In an interview with Kim Eo-jun, Cho Min denied all allegations against her, and showed support and worry for her indicted mother. On the possibility of retraction of all her academic credentials in tertiary education, she expressed that it would be unfair, but she also expressed her determination to become a medical doctor even if it takes her another ten years.

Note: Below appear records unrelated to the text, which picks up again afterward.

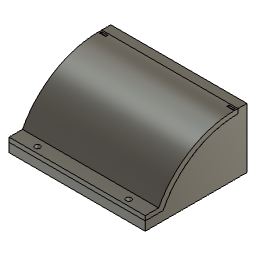
fanSocket (Autodesk Fusion 360 design; units mm, degrees)
Autodesk Fusion 360 part; units mm, degrees
sketch "Skizze1" plane through (0, 0, 0) normal (0, 1, 0) x (1, 0, 0)
  line L0 (0, 0) -> (40, 0)
  line L1 (40, 0) -> (40, -40)
  line L2 (40, -40) -> (0, -40)
  line L3 (0, -40) -> (0, 0)
  line L4 (4, -36) -> (36, -36) construction
  line L5 (36, -36) -> (36, -4) construction
  line L6 (36, -4) -> (4, -4) construction
  line L7 (4, -4) -> (4, -36) construction
  circle A0 centre (4, -36) radius 2.15
  circle A1 centre (36, -36) radius 2.15
  circle A2 centre (36, -4) radius 2.15
  circle A3 centre (4, -4) radius 2.15
  circle A4 centre (20, -20) radius 18
  dimension "d1" = 40
  dimension "d2" = 4.3
  dimension "d3" = 32
  dimension "d4" = 4
  dimension "d5" = 4
  dimension "d6" = 20
  dimension "d7" = 20
  dimension "d8" = 36
  constraint horizontal L0
  constraint vertical L1
  constraint horizontal L2
  constraint vertical L3
  constraint coincident L0.start L3.end
  constraint equal L0 L3
  constraint horizontal L4
  constraint vertical L5
  constraint horizontal L6
  constraint vertical L7
  constraint coincident L4.start L7.end
  constraint coincident L4.end L5.start
  constraint coincident L5.end L6.start
  constraint coincident L6.end L7.start
  constraint equal A0 A3
  constraint equal A0 A1
  constraint equal A1 A2
  constraint equal L4 L7
  measures "d1" distance of L0.start L2.end
  measures "d2" diameter of A0
  measures "d3" distance of L4.start L6.end
  measures "d4" vertical distance of L2.end L4.start
  measures "d5" horizontal distance of L2.end L4.start
  measures "d6" horizontal distance of L2.end A4.centre
  measures "d7" vertical distance of L1.end A4.centre
  measures "d8" diameter of A4
extrude "Extrusion1" add sketch "Skizze1" along normal blind 10 makes body 1
fillet "Abrundung1" radius 4 4 edges at (40, 5, 40) (40, 5, 0) (0, 5, 0) (0, 5, 40) on bodies 1
copy_body "Körper kopieren/einfügen1" bodies 1 makes body 2
move_body "Verschieben1" bodies 2 to x (1, 0, 0) y (0, 1, 0) z (0, 0, 1) at (41, 0, 0)
sketch "Skizze3" plane through (0, 0, 0) normal (0, 0, 1) x (1, 0, 0)
  line L0 (0, 0) -> (81, 0)
  line L1 (81, 0) -> (81, -55)
  line L2 (81, -55) -> (0, -55)
  line L3 (0, -55) -> (0, 0)
  circle A0 centre (20, -35) radius 18
  circle A1 centre (61, -35) radius 18
  circle A2 centre (40.5, -20) radius 2
  circle A3 centre (4, -51) radius 2
  circle A4 centre (77, -51) radius 2
  dimension "d15" = 20
  dimension "d16" = 20
  dimension "d17" = 36
  dimension "d18" = 40.5
  dimension "d19" = 20
  dimension "d20" = 4
  dimension "d21" = 4
  dimension "d22" = 4
  dimension "d23" = 4
  dimension "d24" = 4
  dimension "d25" = 81
  dimension "d26" = 35
  dimension "d27" = 35
  dimension "d28" = 55
  constraint horizontal L0
  constraint vertical L1
  constraint horizontal L2
  constraint vertical L3
  constraint coincident L0.start L3.end
  constraint equal A0 A1
  constraint equal A2 A3
  constraint equal A3 A4
  measures "d15" horizontal distance of L2.end A0.centre
  measures "d16" horizontal distance of L1.end A1.centre
  measures "d17" diameter of A0
  measures "d18" horizontal distance of L0.start A2.centre
  measures "d19" vertical distance of L0.start A2.centre
  measures "d20" vertical distance of L2.end A3.centre
  measures "d21" horizontal distance of L2.end A3.centre
  measures "d22" vertical distance of L1.end A4.centre
  measures "d23" horizontal distance of L1.end A4.centre
  measures "d24" diameter of A3
  measures "d25" distance of L0.start L0.end
  measures "d26" vertical distance of L0.start A0.centre
  measures "d27" vertical distance of L0.end A1.centre
  measures "d28" distance of L0.start L2.end
extrude "Extrusion2" add sketch "Skizze3" along normal blind 3 separate body makes body 3
move_body "Verschieben2" bodies 3 to x (1, 0, 0) y (0, 1, 0) z (0, 0, 1) at (0, -1, 0)
sketch "Skizze4" plane through (0, 0, 3) normal (0, 0, 1) x (-1, 0, 0)
  circle A0 centre (-40.5, 21) radius 2
  circle A1 centre (-61, 36) radius 18
  circle A2 centre (-20, 36) radius 18
  circle A3 centre (-4, 52) radius 2
  circle A4 centre (-77, 52) radius 2
  line L0 (0, 56) -> (-81, 56)
  line L1 (-81, 56) -> (-81, 1)
  line L2 (-81, 1) -> (0, 1)
  line L3 (0, 1) -> (0, 56)
  line L4 (0, 6) -> (-81, 6)
  dimension "d31" = 5
  constraint coincident L3 L4.start
  constraint coincident L1 L4.end
  constraint perpendicular L1 L4
  measures "d31" distance of L2.end L4.start
extrude "Extrusion3" add sketch "Skizze4" along normal blind 37 contours L1 L2 L3 L4 bodies 3
sketch "Skizze5" plane through (0, -6, 0) normal (0, -1, 0) x (1, 0, 0)
  line L0 (0, 3) -> (81, 3)
  line L1 (81, 3) -> (81, 40)
  line L2 (81, 40) -> (0, 40)
  line L3 (0, 40) -> (0, 3)
  line L4 (0, 20) -> (81, 20) construction
  circle A0 centre (20, 20) radius 18
  circle A1 centre (61, 20) radius 18
  line L5 (4, 36) -> (77, 36) construction
  line L6 (77, 36) -> (77, 4) construction
  line L7 (77, 4) -> (4, 4) construction
  line L8 (4, 4) -> (4, 36) construction
  circle A2 centre (4, 36) radius 2
  circle A3 centre (77, 36) radius 2
  circle A4 centre (77, 4) radius 2
  circle A5 centre (4, 4) radius 2
  line L9 (36, 36) -> (36, 4) construction
  line L10 (45, 4) -> (45, 36) construction
  circle A6 centre (36, 36) radius 2
  circle A7 centre (45, 36) radius 2
  circle A8 centre (45, 4) radius 2
  circle A9 centre (36, 4) radius 2
  dimension "d34" = 20
  dimension "d35" = 20
  dimension "d36" = 20
  dimension "d37" = 36
  dimension "d38" = 4
  dimension "d39" = 4
  dimension "d40" = 4
  dimension "d42" = 4
  dimension "d43" = 32
  dimension "d44" = 32
  dimension "d47" = 32
  constraint coincident L3 L4.start
  constraint coincident L1 L4.end
  constraint perpendicular L1 L4
  constraint coincident L4 A0.centre
  constraint coincident L4 A1.centre
  constraint equal A0 A1
  constraint perpendicular L1 L5
  constraint perpendicular L5 L8
  constraint vertical L6
  constraint horizontal L7
  constraint coincident L5.start L8.end
  constraint coincident L5.end L6.start
  constraint coincident L6.end L7.start
  constraint coincident L7.end L8.start
  constraint equal A2 A5
  constraint equal A2 A3
  constraint equal A3 A4
  constraint coincident L5 L9.start
  constraint coincident L7 L9.end
  constraint perpendicular L7 L9
  constraint coincident L7 L10.start
  constraint coincident L5 L10.end
  constraint perpendicular L5 L10
  constraint coincident L9.start A6.centre
  constraint coincident L10.end A7.centre
  constraint coincident L10.start A8.centre
  constraint coincident L9.end A9.centre
  constraint equal A8 A9
  constraint equal A7 A8
  constraint equal A6 A7
  constraint equal A2 A6
  measures "d34" distance of L2.end L4.start
  measures "d35" distance of L4.start A0.centre
  measures "d36" horizontal distance of L1.end A1.centre
  measures "d37" diameter of A0
  measures "d38" horizontal distance of L2.end L5.start
  measures "d39" vertical distance of L2.end L5.start
  measures "d40" horizontal distance of L1.end L5.end
  measures "d42" diameter of A2
  measures "d43" distance of L5.end L10.end
  measures "d44" distance of L5.start L9.start
  measures "d47" distance of L5.end L6.end
extrude "Extrusion4" cut sketch "Skizze5" against normal blind 10 contours L0 A5 | L0 A5 | L0 A0 | L0 A0 | L0 A4 | L0 A4 | L0 A9 | L0 A9 | L0 A1 | L0 A1 | L0 A8 | L0 A8 | A2 | A3 | A6 | A7 bodies 3
extrude "Extrusion18" add 1 faces at (0, -2.6667, 14.3333) along direction (-1, 0, 0) blind 5 on bodies 3 bodies 3
extrude "Extrusion19" add 1 faces at (81, -2.6667, 14.3333) along direction (1, 0, 0) blind 5 on bodies 3 bodies 3
sketch "Skizze14" plane through (0, 0, 3) normal (0, 0, 1) x (-1, 0, 0)
  circle A0 centre (-61, 36) radius 18
  circle A1 centre (-20, 36) radius 18
  circle A2 centre (-77, 52) radius 2
  circle A3 centre (-40.5, 21) radius 2
  circle A4 centre (-4, 52) radius 2
  line L0 (-75.2679, 6) -> (-66.9161, 6)
  line L1 (5, 6) -> (5, 56)
  line L2 (5, 56) -> (-86, 56)
  line L3 (-86, 56) -> (-86, 6)
  line L4 (-86, 6) -> (-78.7321, 6)
  line L5 (-25.4828, 18.8553) -> (-37.1447, 30.5172)
  line L6 (-21.8995, 18.1005) -> (-37.8995, 34.1005)
  line L7 (-17.7035, 18.1471) -> (-37.8529, 38.2965)
  line L8 (-15.3413, 18.6133) -> (-37.3867, 40.6587)
  line L9 (-12.2426, 19.7574) -> (-36.2426, 43.7574)
  line L10 (-10.4188, 20.7619) -> (-35.2381, 45.5812)
  line L11 (-7.9988, 22.5846) -> (-33.4154, 48.0012)
  line L12 (-6.5846, 23.9988) -> (-32.0012, 49.4154)
  line L13 (-4.7619, 26.4188) -> (-29.5812, 51.2381)
  line L14 (-3.7574, 28.2426) -> (-27.7574, 52.2426)
  line L15 (-2.6133, 31.3413) -> (-24.6587, 53.3867)
  line L16 (-2.1471, 33.7035) -> (-22.2965, 53.8529)
  line L17 (-2.1005, 37.8995) -> (-18.1005, 53.8995)
  line L18 (-2.8553, 41.4828) -> (-14.5172, 53.1447)
  line L19 (-66.4828, 18.8553) -> (-78.1447, 30.5172)
  line L20 (-62.8995, 18.1005) -> (-78.8995, 34.1005)
  line L21 (-58.7035, 18.1471) -> (-78.8529, 38.2965)
  line L22 (-56.3413, 18.6133) -> (-78.3867, 40.6587)
  line L23 (-53.2426, 19.7574) -> (-77.2426, 43.7574)
  line L24 (-51.4188, 20.7619) -> (-76.2381, 45.5812)
  line L25 (-48.9988, 22.5846) -> (-74.4154, 48.0012)
  line L26 (-47.5846, 23.9988) -> (-73.0012, 49.4154)
  line L27 (-45.7619, 26.4188) -> (-70.5812, 51.2381)
  line L28 (-44.7574, 28.2426) -> (-68.7574, 52.2426)
  line L29 (-43.6133, 31.3413) -> (-65.6587, 53.3867)
  line L30 (-43.1471, 33.7035) -> (-63.2965, 53.8529)
  line L31 (-59.1005, 53.8995) -> (-43.1005, 37.8995)
  line L32 (-43.8553, 41.4828) -> (-55.5172, 53.1447)
  line L33 (-78.7321, 6) -> (-75.2679, 6)
  line L34 (-66.9161, 6) -> (-55.0839, 6)
  line L35 (-55.0839, 6) -> (-46.7321, 6)
  line L36 (-46.7321, 6) -> (-43.2679, 6)
  line L37 (-43.2679, 6) -> (-37.7321, 6)
  line L38 (-37.7321, 6) -> (-34.2679, 6)
  line L39 (-34.2679, 6) -> (-25.9161, 6)
  line L40 (-25.9161, 6) -> (-14.0839, 6)
  line L41 (-14.0839, 6) -> (-5.7321, 6)
  line L42 (-5.7321, 6) -> (-2.2679, 6)
  line L43 (-2.2679, 6) -> (5, 6)
  dimension "d107" = 2
  dimension "d108" = 3
  dimension "d109" = 2
  dimension "d110" = 3
  dimension "d111" = 2
  dimension "d112" = 3
  dimension "d113" = 2
  dimension "d114" = 16
  dimension "d126" = 3
  dimension "d127" = 2
  dimension "d128" = 3
  dimension "d131" = 2
  dimension "d132" = 3
  dimension "d136" = 2
  dimension "d137" = 16
  dimension "d138" = 2
  dimension "d139" = 3
  dimension "d140" = 2
  dimension "d141" = 3
  dimension "d142" = 2
  dimension "d143" = 3
  dimension "d144" = 2
  dimension "d145" = 3
  dimension "d146" = 2
  dimension "d147" = 3
  dimension "d148" = 2
  dimension "d149" = 3
  dimension "d150" = 2
  constraint coincident A1 L5.start
  constraint coincident A1 L5.end
  constraint coincident A1 L6.start
  constraint coincident A1 L6.end
  constraint coincident A1 L7.start
  constraint coincident A1 L7.end
  constraint coincident A1 L8.start
  constraint coincident A1 L8.end
  constraint coincident A1 L9.start
  constraint coincident A1 L9.end
  constraint coincident A1 L10.start
  constraint coincident A1 L10.end
  constraint coincident A1 L11.start
  constraint coincident A1 L11.end
  constraint coincident A1 L12.start
  constraint coincident A1 L12.end
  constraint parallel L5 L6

In an inquiry by the South Korean parliament, it was found that Cho Min's name is engraved in a memorial in the Korea Institute of Science and Technology (KIST) for her contribution to the institute. Her contribution, which is known to be her brief internship in the institute, came into question as to whether she properly participated in the internship program. A research director in KIST was sacked for his role in falsifying documents related to Cho Min's internship. KIST announced it will launch a full investigation of all individuals honored in the memorial, and remove any names who did not meet a preset standard. On December 31, 2019, KIST announced it will remove the names of all workers who quit within a month without pay. Cho Min was contracted to work at KIST as a student researcher for a month and received a work certificate. However, in a subsequent investigation, it was found that she only worked for two days. Based on this criterion, 23 names will be removed from the KIST memorial, including Cho Min.